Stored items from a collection
»»

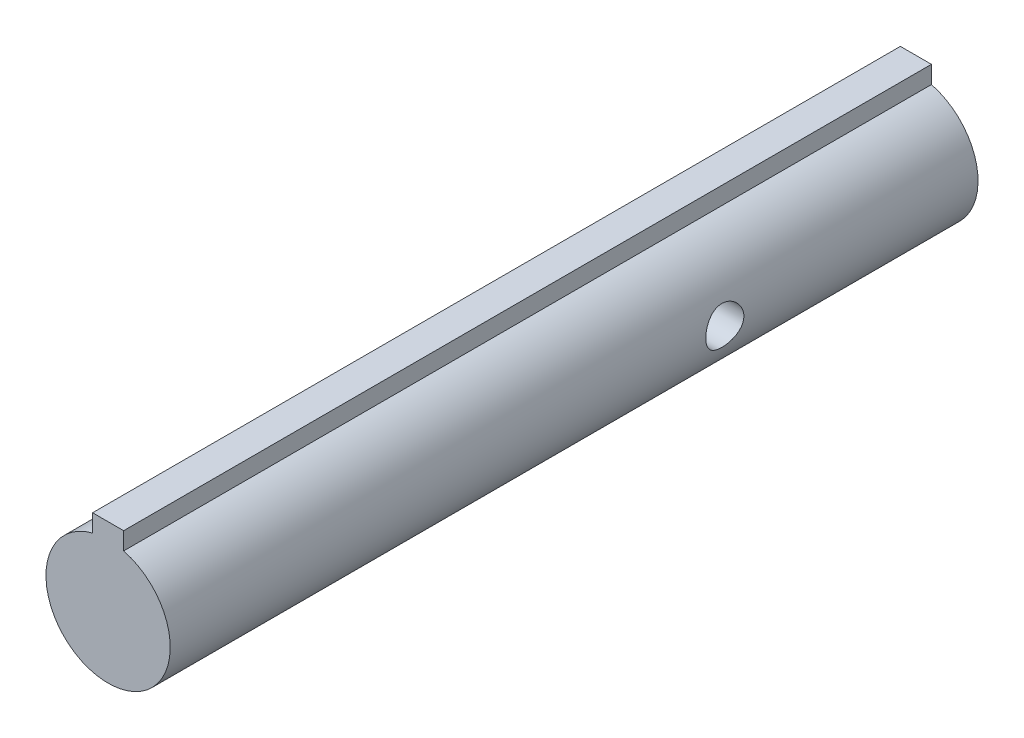
from build123d import *

# Parameters (mm, degrees)
BOSS_EXTRUDE1_DEPTH = 52
SKETCH2_R           = 1.225
CUT_EXTRUDE1_DEPTH  = 25


with BuildPart() as part:
    # Sketch1 → Boss-Extrude1 (new body)
    with BuildSketch(Plane.XY):
        with BuildLine():
            Line((-1, 3.872983346), (-1, 5.002983346))
            Line((-1, 5.002983346), (1, 5.002983346))
            Line((1, 5.002983346), (1, 3.872983346))
            ThreePointArc((1, 3.872983346), (0, -4), (-1, 3.872983346))
        make_face()
    extrude(amount=BOSS_EXTRUDE1_DEPTH)

    # Sketch2 → Cut-Extrude1 (cut, symmetric)
    with BuildSketch(Plane(origin=(0, 0, 0), x_dir=(0, 0, -1), z_dir=(1, 0, 0))):
        with Locations((-16.3, 0)):
            Circle(SKETCH2_R)
    extrude(amount=CUT_EXTRUDE1_DEPTH, both=True, mode=Mode.SUBTRACT)


solid = part.part
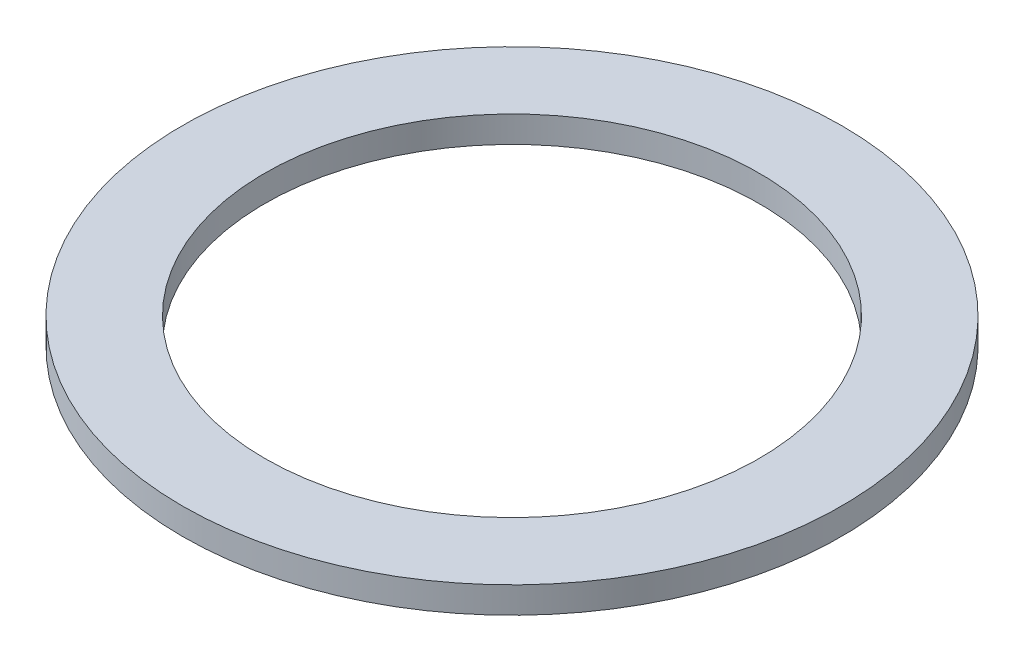
from build123d import *

# Parameters (mm, degrees)
SKETCH1_R           = 50
SKETCH1_R_2         = 37.5
BOSS_EXTRUDE1_DEPTH = 4


with BuildPart() as part:
    # Sketch1 → Boss-Extrude1 (new body)
    with BuildSketch(Plane(origin=(0, 0, 0), x_dir=(1, 0, 0), z_dir=(0, 1, 0))):
        with Locations(Location((0, 0, 0), (0, 0, 270))):
            Circle(SKETCH1_R)
        with Locations(Location((0, 0, 0), (0, 0, 270))):
            Circle(SKETCH1_R_2, mode=Mode.SUBTRACT)
    extrude(amount=BOSS_EXTRUDE1_DEPTH)


solid = part.part
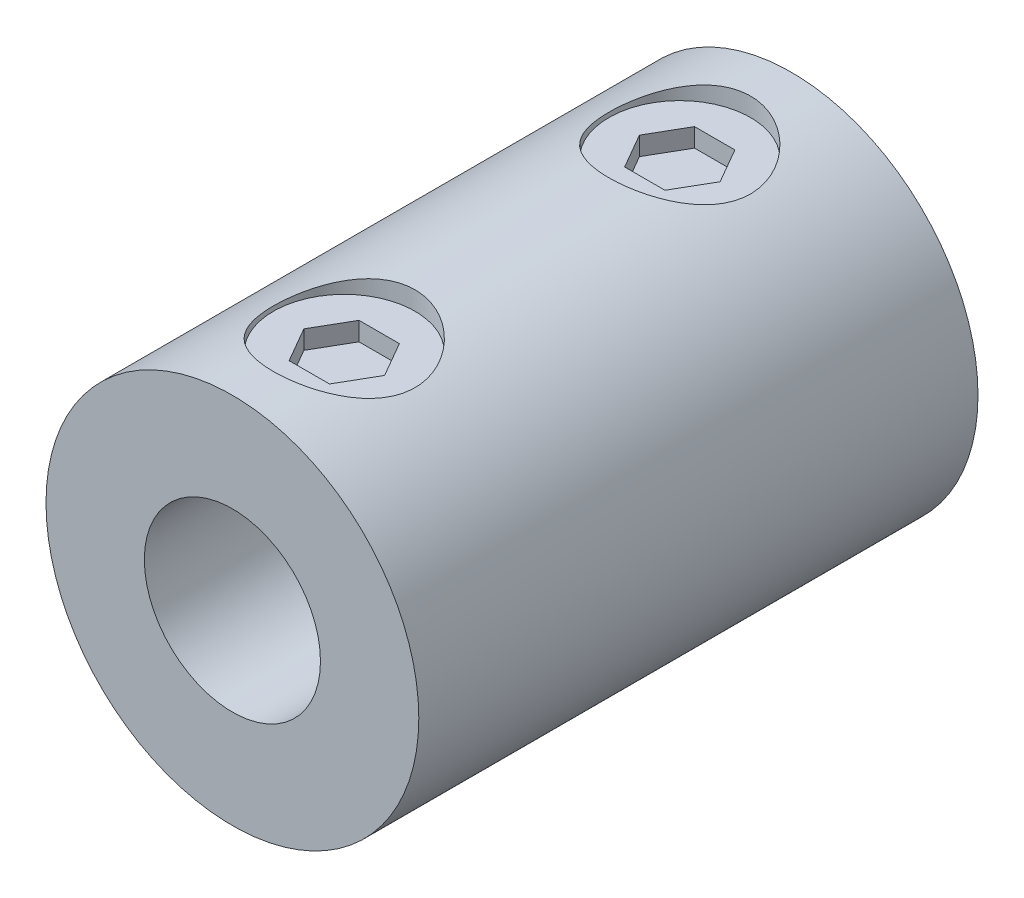
from build123d import *

# Parameters (mm, degrees)
SKETCH4_R           = 2.413
CUT_EXTRUDE1_DEPTH  = 1.27
BOSS_EXTRUDE1_START = 0.635
SKETCH3_R           = 2.413
BOSS_EXTRUDE1_DEPTH = 0.635


with BuildPart() as part:
    # Sketch2 → Revolve1 (revolve)
    with BuildSketch(Plane(origin=(0, 0, 0), x_dir=(0, 0, -1), z_dir=(1, 0, 0)), mode=Mode.PRIVATE) as revolve1_sk:
        Polygon((0, 3), (0, 6.35), (19.05, 6.35), (19.05, 3.96875), (9.525, 3.96875), (9.525, 3), align=None)
    revolve(revolve1_sk.sketch.rotate(Axis((0, 0, 0), (0, 0, -1)), 90), axis=Axis((0, 0, 0), (0, 0, -1)))

    # Sketch4 → Cut-Extrude1 (cut)
    with BuildSketch(Plane(origin=(0, 6.35, 0), x_dir=(1, 0, 0), z_dir=(0, 1, 0))):
        with Locations(Location((0, 3.81, 0), (0, 0, 270))):
            Circle(SKETCH4_R)
    cut_extrude1 = extrude(amount=-CUT_EXTRUDE1_DEPTH, mode=Mode.SUBTRACT)

    # Sketch3 → Boss-Extrude1 (add)
    with BuildSketch(Plane(origin=(0, 5.08, 0), x_dir=(1, 0, 0), z_dir=(0, 1, 0)).offset(BOSS_EXTRUDE1_START)):
        with Locations(Location((0, 3.81, 0), (0, 0, 270))):
            Circle(SKETCH3_R)
        Polygon((1.374815329, 3.81), (0.687407664, 5.000625), (-0.687407664, 5.000625), (-1.374815329, 3.81), (-0.687407664, 2.619375), (0.687407664, 2.619375), align=None, mode=Mode.SUBTRACT)
    boss_extrude1 = extrude(amount=-BOSS_EXTRUDE1_DEPTH)

    # Mirror1: Cut-Extrude1, Boss-Extrude1 across plane
    add(cut_extrude1.mirror(Plane.XY.offset(-9.525)), mode=Mode.SUBTRACT)
    add(boss_extrude1.mirror(Plane.XY.offset(-9.525)))


solid = part.part

««

About this task: Return the data word for word without its pictures.

Your response:
from build123d import *

# Parameters (mm, degrees)
BOSS_EXTRUDE1_DEPTH = 52
SKETCH2_R           = 1.225
CUT_EXTRUDE1_DEPTH  = 25


with BuildPart() as part:
    # Sketch1 → Boss-Extrude1 (new body)
    with BuildSketch(Plane.XY):
        with BuildLine():
            Line((-1, 3.872983346), (-1, 5.002983346))
            Line((-1, 5.002983346), (1, 5.002983346))
            Line((1, 5.002983346), (1, 3.872983346))
            ThreePointArc((1, 3.872983346), (0, -4), (-1, 3.872983346))
        make_face()
    extrude(amount=BOSS_EXTRUDE1_DEPTH)

    # Sketch2 → Cut-Extrude1 (cut, symmetric)
    with BuildSketch(Plane(origin=(0, 0, 0), x_dir=(0, 0, -1), z_dir=(1, 0, 0))):
        with Locations((-16.3, 0)):
            Circle(SKETCH2_R)
    extrude(amount=CUT_EXTRUDE1_DEPTH, both=True, mode=Mode.SUBTRACT)


solid = part.part
from build123d import *

# Parameters (mm, degrees)
SKETCH1_R           = 50
SKETCH1_R_2         = 37.5
BOSS_EXTRUDE1_DEPTH = 4


with BuildPart() as part:
    # Sketch1 → Boss-Extrude1 (new body)
    with BuildSketch(Plane(origin=(0, 0, 0), x_dir=(1, 0, 0), z_dir=(0, 1, 0))):
        with Locations(Location((0, 0, 0), (0, 0, 270))):
            Circle(SKETCH1_R)
        with Locations(Location((0, 0, 0), (0, 0, 270))):
            Circle(SKETCH1_R_2, mode=Mode.SUBTRACT)
    extrude(amount=BOSS_EXTRUDE1_DEPTH)


solid = part.part
from build123d import *

# Parameters (mm, degrees)
SKETCH4_R           = 2.413
CUT_EXTRUDE1_DEPTH  = 1.27
BOSS_EXTRUDE1_START = 0.635
SKETCH3_R           = 2.413
BOSS_EXTRUDE1_DEPTH = 0.635


with BuildPart() as part:
    # Sketch2 → Revolve1 (revolve)
    with BuildSketch(Plane(origin=(0, 0, 0), x_dir=(0, 0, -1), z_dir=(1, 0, 0)), mode=Mode.PRIVATE) as revolve1_sk:
        Polygon((0, 3), (0, 6.35), (19.05, 6.35), (19.05, 3.96875), (9.525, 3.96875), (9.525, 3), align=None)
    revolve(revolve1_sk.sketch.rotate(Axis((0, 0, 0), (0, 0, -1)), 90), axis=Axis((0, 0, 0), (0, 0, -1)))

    # Sketch4 → Cut-Extrude1 (cut)
    with BuildSketch(Plane(origin=(0, 6.35, 0), x_dir=(1, 0, 0), z_dir=(0, 1, 0))):
        with Locations(Location((0, 3.81, 0), (0, 0, 270))):
            Circle(SKETCH4_R)
    cut_extrude1 = extrude(amount=-CUT_EXTRUDE1_DEPTH, mode=Mode.SUBTRACT)

    # Sketch3 → Boss-Extrude1 (add)
    with BuildSketch(Plane(origin=(0, 5.08, 0), x_dir=(1, 0, 0), z_dir=(0, 1, 0)).offset(BOSS_EXTRUDE1_START)):
        with Locations(Location((0, 3.81, 0), (0, 0, 270))):
            Circle(SKETCH3_R)
        Polygon((1.374815329, 3.81), (0.687407664, 5.000625), (-0.687407664, 5.000625), (-1.374815329, 3.81), (-0.687407664, 2.619375), (0.687407664, 2.619375), align=None, mode=Mode.SUBTRACT)
    boss_extrude1 = extrude(amount=-BOSS_EXTRUDE1_DEPTH)

    # Mirror1: Cut-Extrude1, Boss-Extrude1 across plane
    add(cut_extrude1.mirror(Plane.XY.offset(-9.525)), mode=Mode.SUBTRACT)
    add(boss_extrude1.mirror(Plane.XY.offset(-9.525)))


solid = part.part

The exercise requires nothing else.